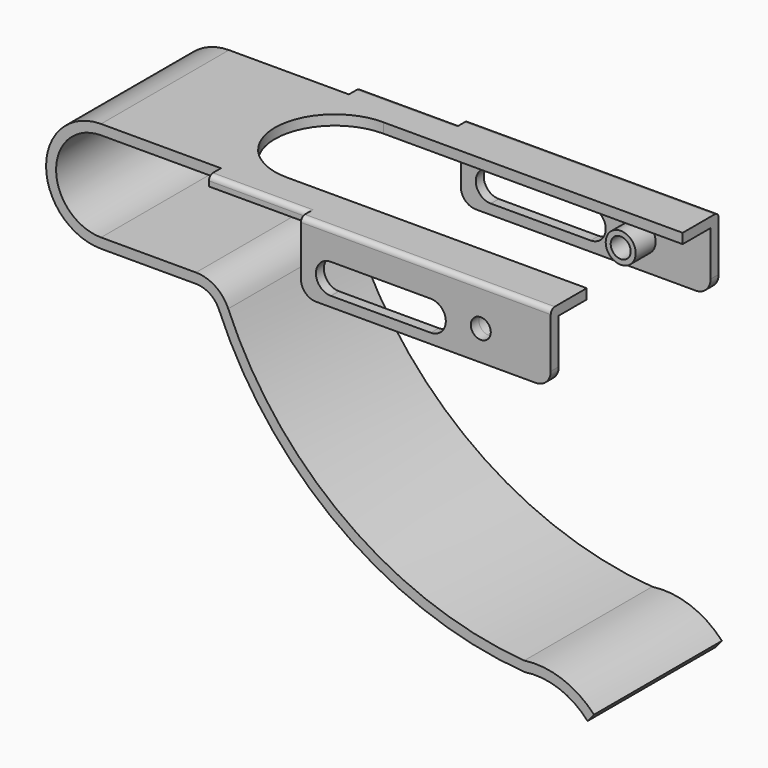
from build123d import *

# Parameters (mm, degrees)
F1_DEPTH  = 16
F2_W      = 70
F2_H      = 3
F3_DEPTH  = 2
F4_W      = 50
F4_H      = 14
F5_DEPTH  = 2
F6_R      = 1
F9_DEPTH  = 2
F11_DEPTH = 42.001
F13_D     = 4
F14_R     = 3
F14_R_2   = 2
F15_DEPTH = 5
F16_R     = 3


# Not quite as in the source:
# - a pattern or mirror of a feature is missing from the dataset's text; its kind, count and spacing are read off the source's solid


with BuildPart() as f1:
    # F0 (on Front) → F1 (new body)
    with BuildSketch(Plane.XZ):
        with BuildLine():
            Line((94, 11), (0, 11))
            ThreePointArc((0, 11), (-11, 0), (0, -11))
            Line((0, -11), (19, -11))
            ThreePointArc((19, -11), (21.7681124643, -11.8361612201), (23.6103896104, -14.064978646))
            ThreePointArc((23.6103896104, -14.064978646), (47.9882051962, -44.6729645648), (84.7744660979, -58.0107943585))
            ThreePointArc((84.7744660979, -58.0107943585), (91.6454906811, -58.677418602), (97.362645896, -62.5464627931))
            Line((97.362645896, -62.5464627931), (98.6602822553, -61))
            ThreePointArc((98.6602822553, -61), (92.2959119196, -56.7859373435), (84.7034264019, -56))
            ThreePointArc((84.7034264019, -56), (49.0672193413, -42.9854179344), (25.4545454545, -13.2909701044))
            ThreePointArc((25.4545454545, -13.2909701044), (22.87535745, -10.1706257081), (19, -9))
            Line((19, -9), (0, -9))
            ThreePointArc((0, -9), (-9, 0), (0, 9))
            Line((0, 9), (94, 9))
            Line((94, 9), (94, 11))
        make_face()
    extrude(amount=F1_DEPTH)

    # F2 (on face) → F3 (join)
    with BuildSketch(Plane.XY.offset(11)):
        with Locations((59, -17.5)):
            Rectangle(F2_W, F2_H)
    extrude(amount=-F3_DEPTH)

    # F4 (on face) → F5 (join)
    with BuildSketch(Plane.XZ.offset(19)):
        with Locations((69, 4)):
            Rectangle(F4_W, F4_H)
    extrude(amount=F5_DEPTH)

    # F6
    f6_edges = [f1.edges().sort_by_distance(p)[0] for p in [
        (69, -21, 11),
        (34, -19, 11),
    ]]
    fillet(f6_edges, radius=F6_R)

    # F7: F1 across plane


with BuildPart() as f1_1:
    add(f1.part)
    add(f1.part.mirror(Plane.XZ))

    # F8 (on face) → F9 (cut)
    with BuildSketch(Plane.XY.offset(11)):
        with BuildLine():
            Line((94, 11.9996714485), (34.088798243, 11.9996714485))
            ThreePointArc((34.088798243, 11.9996714485), (22.0000004897, -0.003428249), (34.0956545385, -11.9996187527))
            Line((34.0956545385, -11.9996187527), (94, -11.9996187527))
            Line((94, -11.9996187527), (94, 11.9996714485))
        make_face()
    extrude(amount=-F9_DEPTH, mode=Mode.SUBTRACT)

    # F10 (on face) → F11 (cut, through all)
    with BuildSketch(Plane.XZ.offset(21)):
        with BuildLine():
            ThreePointArc((50, 5), (47, 2), (50, -1))
            Line((50, -1), (70, -1))
            ThreePointArc((70, -1), (73, 2), (70, 5))
            Line((70, 5), (50, 5))
        make_face()
    extrude(amount=-F11_DEPTH, mode=Mode.SUBTRACT)

    # F13 (through all)
    with Locations(Plane.XZ.offset(21)):
        with Locations((80, 3)):
            Hole(F13_D / 2)

    # F14 (on face) → F15 (join)
    with BuildSketch(Plane(origin=(0, -19, 0), x_dir=(-1, 0, 0), z_dir=(0, 1, 0))):
        with Locations((-80, 3)):
            Circle(F14_R)
        with Locations((-80, 3)):
            Circle(F14_R_2, mode=Mode.SUBTRACT)
    f15 = extrude(amount=F15_DEPTH)

    # F15_copies: F15 across plane
    add(f15.mirror(Plane.ZX))

    # F16
    f16_edges = [f1_1.edges().sort_by_distance(p)[0] for p in [
        (44, 20, -3),
        (94, 20, -3),
        (94, -20, -3),
        (44, -20, -3),
    ]]
    fillet(f16_edges, radius=F16_R)


solid = f1_1.part
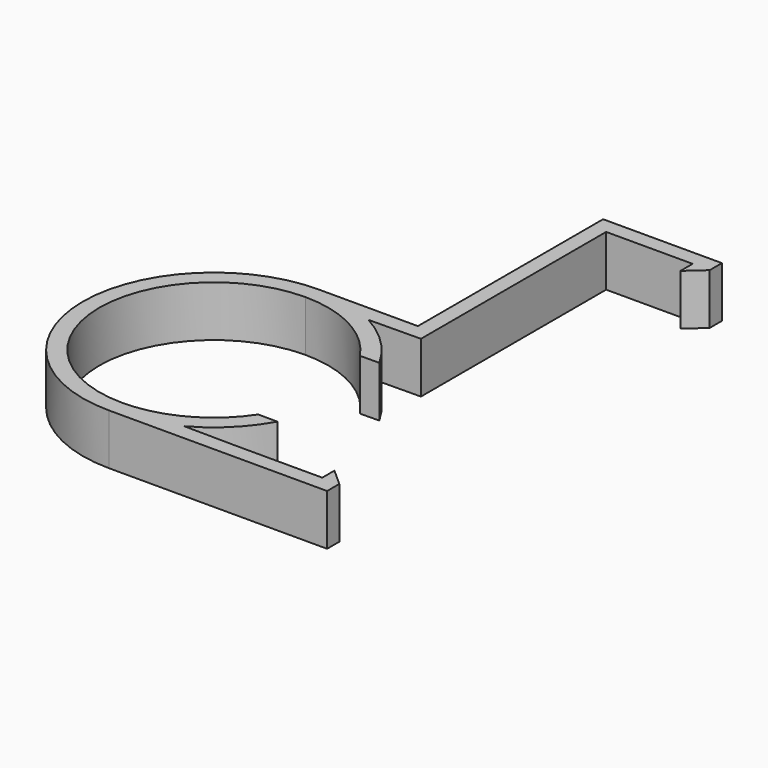
from build123d import *

# Parameters (mm, degrees)
F1_DEPTH = 10


# Not quite as in the source:
# - a feature names something its author has since deleted; it is built from what else it names


with BuildPart() as f1:
    # F0 (on Top) → F1 (new body)
    with BuildSketch(Plane.XY):
        with BuildLine():
            Line((-18.9642689968, 23.316359701), (-38.4642689968, 23.316359701))
            ThreePointArc((-38.4642689968, 23.316359701), (-56.6722686123, 15.7743593166), (-64.2142689968, -2.433640299))
            ThreePointArc((-64.2142689968, -2.433640299), (-56.6722686123, -20.6416399145), (-38.4642689968, -28.183640299))
            Line((-38.4642689968, -28.183640299), (4.3898329695, -28.183640299))
            Line((4.3898329695, -28.183640299), (4.3898329695, -25.183640299))
            Line((4.3898329695, -25.183640299), (1.0357310032, -22.183640299))
            Line((1.0357310032, -22.183640299), (1.0357310032, -25.183640299))
            Line((1.0357310032, -25.183640299), (-15.9642689968, -25.183640299))
            Line((-15.9642689968, -25.183640299), (-26.1900364695, -25.0700206604))
            Line((-26.1900364695, -25.0700206604), (-38.4642689968, -24.933640299))
            ThreePointArc((-38.4642689968, -24.933640299), (-54.3741715735, -18.3435428757), (-60.9642689968, -2.433640299))
            ThreePointArc((-60.9642689968, -2.433640299), (-54.3741715735, 13.4762622777), (-38.4642689968, 20.066359701))
            ThreePointArc((-38.4642689968, 20.066359701), (-27.8473278519, 17.4039644135), (-19.7429639579, 10.0468539878))
            Line((-19.7429639579, 10.0468539878), (-15.9642689968, 10.0888394874))
            ThreePointArc((-15.9642689968, 10.0888394874), (-20.3566861052, 15.8742252736), (-26.1900364695, 20.2027400624))
            Line((-26.1900364695, 20.2027400624), (-15.9642689968, 20.316359701))
            Line((-15.9642689968, 20.316359701), (-15.9642689968, 65.816359701))
            Line((-15.9642689968, 65.816359701), (1.0357310032, 65.816359701))
            Line((1.0357310032, 65.816359701), (1.0357310032, 62.816359701))
            Line((1.0357310032, 62.816359701), (4.3898329695, 65.816359701))
            Line((4.3898329695, 65.816359701), (4.3898329695, 68.816359701))
            Line((4.3898329695, 68.816359701), (-15.9642689968, 68.816359701))
            Line((-15.9642689968, 68.816359701), (-18.9642689968, 68.816359701))
            Line((-18.9642689968, 68.816359701), (-18.9642689968, 23.316359701))
        make_face()
        with BuildLine():
            Line((-38.4642689968, -24.933640299), (-26.1900364695, -25.0700206604))
            ThreePointArc((-26.1900364695, -25.0700206604), (-20.3566861052, -20.7415058716), (-15.9642689968, -14.9561200853))
            Line((-15.9642689968, -14.9561200853), (-19.7429639579, -14.9141345858))
            ThreePointArc((-19.7429639579, -14.9141345858), (-27.8473278519, -22.2712450114), (-38.4642689968, -24.933640299))
        make_face()
    extrude(amount=F1_DEPTH)


solid = f1.part
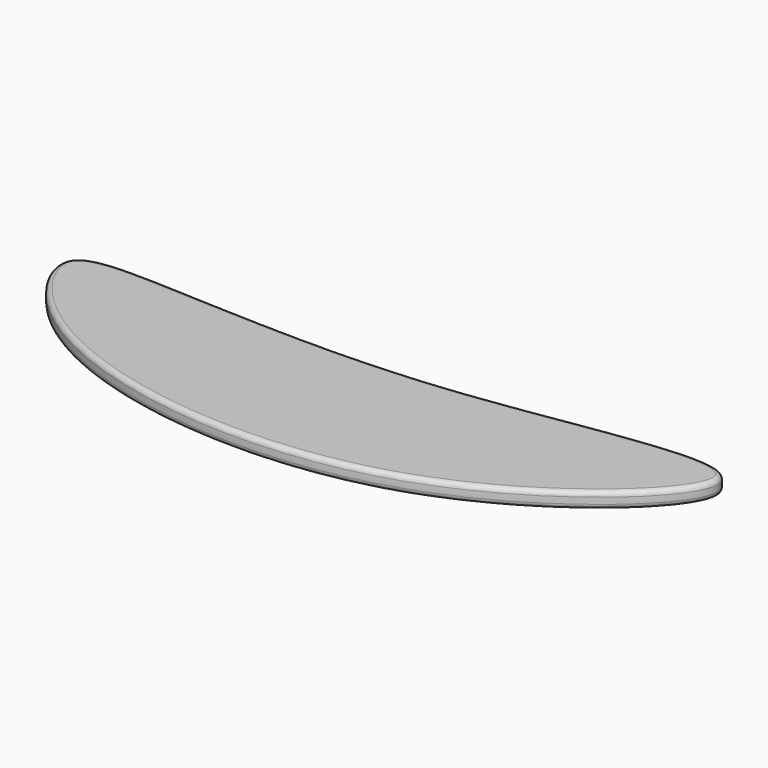
from build123d import *

# Parameters (mm, degrees)
F1_DEPTH = 2.032
F2_R     = 0.6132102448


with BuildPart() as f1:
    # F0 (on Top) → F1 (new body)
    with BuildSketch(Plane.XY):
        with BuildLine():
            add(Edge.make_bspline(
                [(-78.1772732735, -23.5584992915), (-83.0241566888, -23.4194125306), (-91.5394859911, -23.5884961898), (-79.5475976034, -42.9565757843), (-31.2227519064, -49.0504742802), (6.0310408074, -13.7511706378), (-42.7267262231, -25.9940518064), (-68.5370080223, -23.8351375256), (-78.1772732735, -23.5584992915)],
                knots=[0, 0, 0, 0, 0.1000811848, 0.2203853962, 0.4454306317, 0.6198990826, 0.8009423612, 1, 1, 1, 1], degree=3))
        make_face()
    extrude(amount=F1_DEPTH)

    # F2
    f2_edges = [f1.edges().sort_by_distance(p)[0] for p in [
        (-18.50885, -34.395706, 2.032),
        (-18.50885, -34.395706, 0),
    ]]
    fillet(f2_edges, radius=F2_R)


solid = f1.part
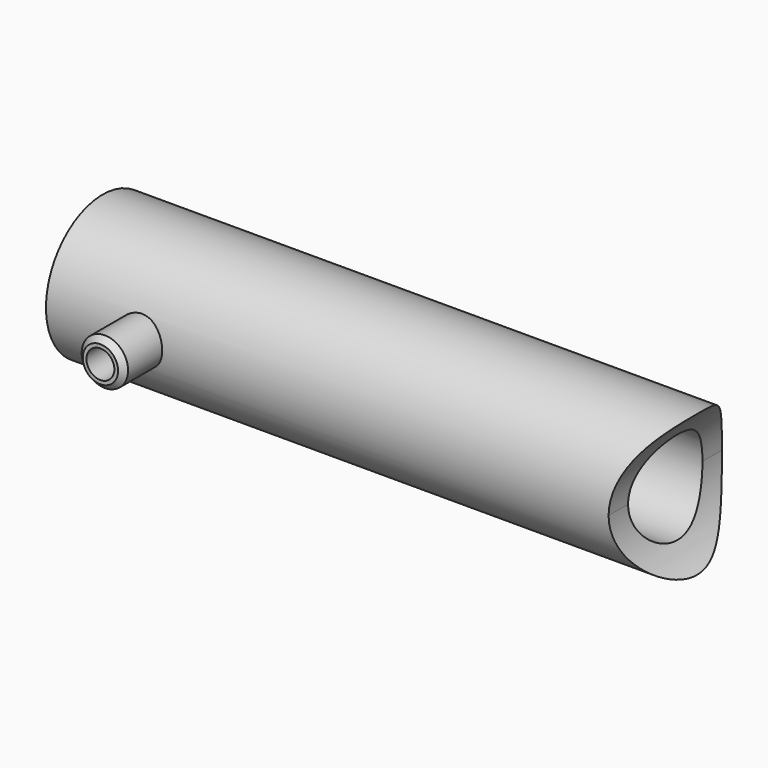
from build123d import *
from build123d import SkipClean  # not in build123d's __all__

# Parameters (mm, degrees)
F0_R      = 12.5
F0_R_2    = 7.5
F1_DEPTH  = 64
F2_R      = 38.1
F2_R_2    = 25
F3_DEPTH  = 100
F4_DEPTH  = 50
F5_SIZE   = 3
F6_R      = 25
F7_DEPTH  = 200
F8_R      = 7.5
F9_DEPTH  = 50
F10_DEPTH = 100
F11_R     = 7.5
F12_DEPTH = 50
F13_DEPTH = 75


with BuildPart() as f1:
    # F0 (on Front) → F1 (new body)
    with BuildSketch(Plane.XZ):
        Circle(F0_R)
        Circle(F0_R_2, mode=Mode.SUBTRACT)
    extrude(amount=F1_DEPTH)

    # F2 (on Right) → F3 (join)
    with BuildSketch(Plane.YZ):
        Circle(F2_R)
        Circle(F2_R_2, mode=Mode.SUBTRACT)
    extrude(amount=F3_DEPTH)

    # F2 (on Right) → F4 (join)
    with BuildSketch(Plane.YZ):
        Circle(F2_R)
        Circle(F2_R_2, mode=Mode.SUBTRACT)
    extrude(amount=-F4_DEPTH)

    # F5
    f5_edges = [f1.edges().sort_by_distance(p)[0] for p in [
        (-12.5, -64, 0),
    ]]
    chamfer(f5_edges, length=F5_SIZE)

    # F6 (on face) → F7 (cut)
    with BuildSketch(Plane(origin=(-50, 0, 0), x_dir=(0, -1, 0), z_dir=(-1, 0, 0))):
        Circle(F6_R)
    extrude(amount=-F7_DEPTH, mode=Mode.SUBTRACT)

    # F8 (on face) → F9 (cut)
    with BuildSketch(Plane.XZ.offset(64)):
        Circle(F8_R)
    extrude(amount=-F9_DEPTH, mode=Mode.SUBTRACT)

    # F10 (add): a face of the model
    f10_faces = [f1.faces().sort_by_distance(p)[0] for p in [
        (100, -37.0223692655, 0),
    ]]
    with SkipClean():  # cleaning this boolean's faces spoils the solid; the shape is the same uncleaned
        extrude(f10_faces, amount=F10_DEPTH)

    # F11 (on face) → F12 (cut)
    with BuildSketch(Plane.XZ.offset(64)):
        Circle(F11_R)
    with SkipClean():  # cleaning this boolean's faces spoils the solid; the shape is the same uncleaned
        extrude(amount=-F12_DEPTH, mode=Mode.SUBTRACT)

    # F13 (add): a face of the model
    f13_faces = [f1.faces().sort_by_distance(p)[0] for p in [
        (200, -37.0223692655, 0),
    ]]
    extrude(f13_faces, amount=F13_DEPTH)

    # F14 (on Top) → F15 (revolve, cut)
    with BuildSketch(Plane.XY):
        Polygon((280.1408666709, 52.4849742776), (252.6145875454, 51.9348941743), (252.6145875454, -50.6588555872), (280.1408666709, -51.4342445287), align=None)
    with SkipClean():  # cleaning this boolean's faces spoils the solid; the shape is the same uncleaned
        revolve(axis=Axis((303.6976158619, 0.4289562068, 0), (0, -1, 0)), mode=Mode.SUBTRACT)


solid = f1.part
━━━━━━━━━━
## Activity
Because only one stretch of the records is wanted, please output the lines from the one holding "fillet(f16_edges, radius=F16_R)" through the one holding "10.0468539878), (-15.9642689968, 10.0888394874))" exactly, both included, and leave every picture out.

## Finished task
    fillet(f16_edges, radius=F16_R)


solid = f1_1.part
from build123d import *

# Parameters (mm, degrees)
F1_DEPTH = 10


# Not quite as in the source:
# - a feature names something its author has since deleted; it is built from what else it names


with BuildPart() as f1:
    # F0 (on Top) → F1 (new body)
    with BuildSketch(Plane.XY):
        with BuildLine():
            Line((-18.9642689968, 23.316359701), (-38.4642689968, 23.316359701))
            ThreePointArc((-38.4642689968, 23.316359701), (-56.6722686123, 15.7743593166), (-64.2142689968, -2.433640299))
            ThreePointArc((-64.2142689968, -2.433640299), (-56.6722686123, -20.6416399145), (-38.4642689968, -28.183640299))
            Line((-38.4642689968, -28.183640299), (4.3898329695, -28.183640299))
            Line((4.3898329695, -28.183640299), (4.3898329695, -25.183640299))
            Line((4.3898329695, -25.183640299), (1.0357310032, -22.183640299))
            Line((1.0357310032, -22.183640299), (1.0357310032, -25.183640299))
            Line((1.0357310032, -25.183640299), (-15.9642689968, -25.183640299))
            Line((-15.9642689968, -25.183640299), (-26.1900364695, -25.0700206604))
            Line((-26.1900364695, -25.0700206604), (-38.4642689968, -24.933640299))
            ThreePointArc((-38.4642689968, -24.933640299), (-54.3741715735, -18.3435428757), (-60.9642689968, -2.433640299))
            ThreePointArc((-60.9642689968, -2.433640299), (-54.3741715735, 13.4762622777), (-38.4642689968, 20.066359701))
            ThreePointArc((-38.4642689968, 20.066359701), (-27.8473278519, 17.4039644135), (-19.7429639579, 10.0468539878))
            Line((-19.7429639579, 10.0468539878), (-15.9642689968, 10.0888394874))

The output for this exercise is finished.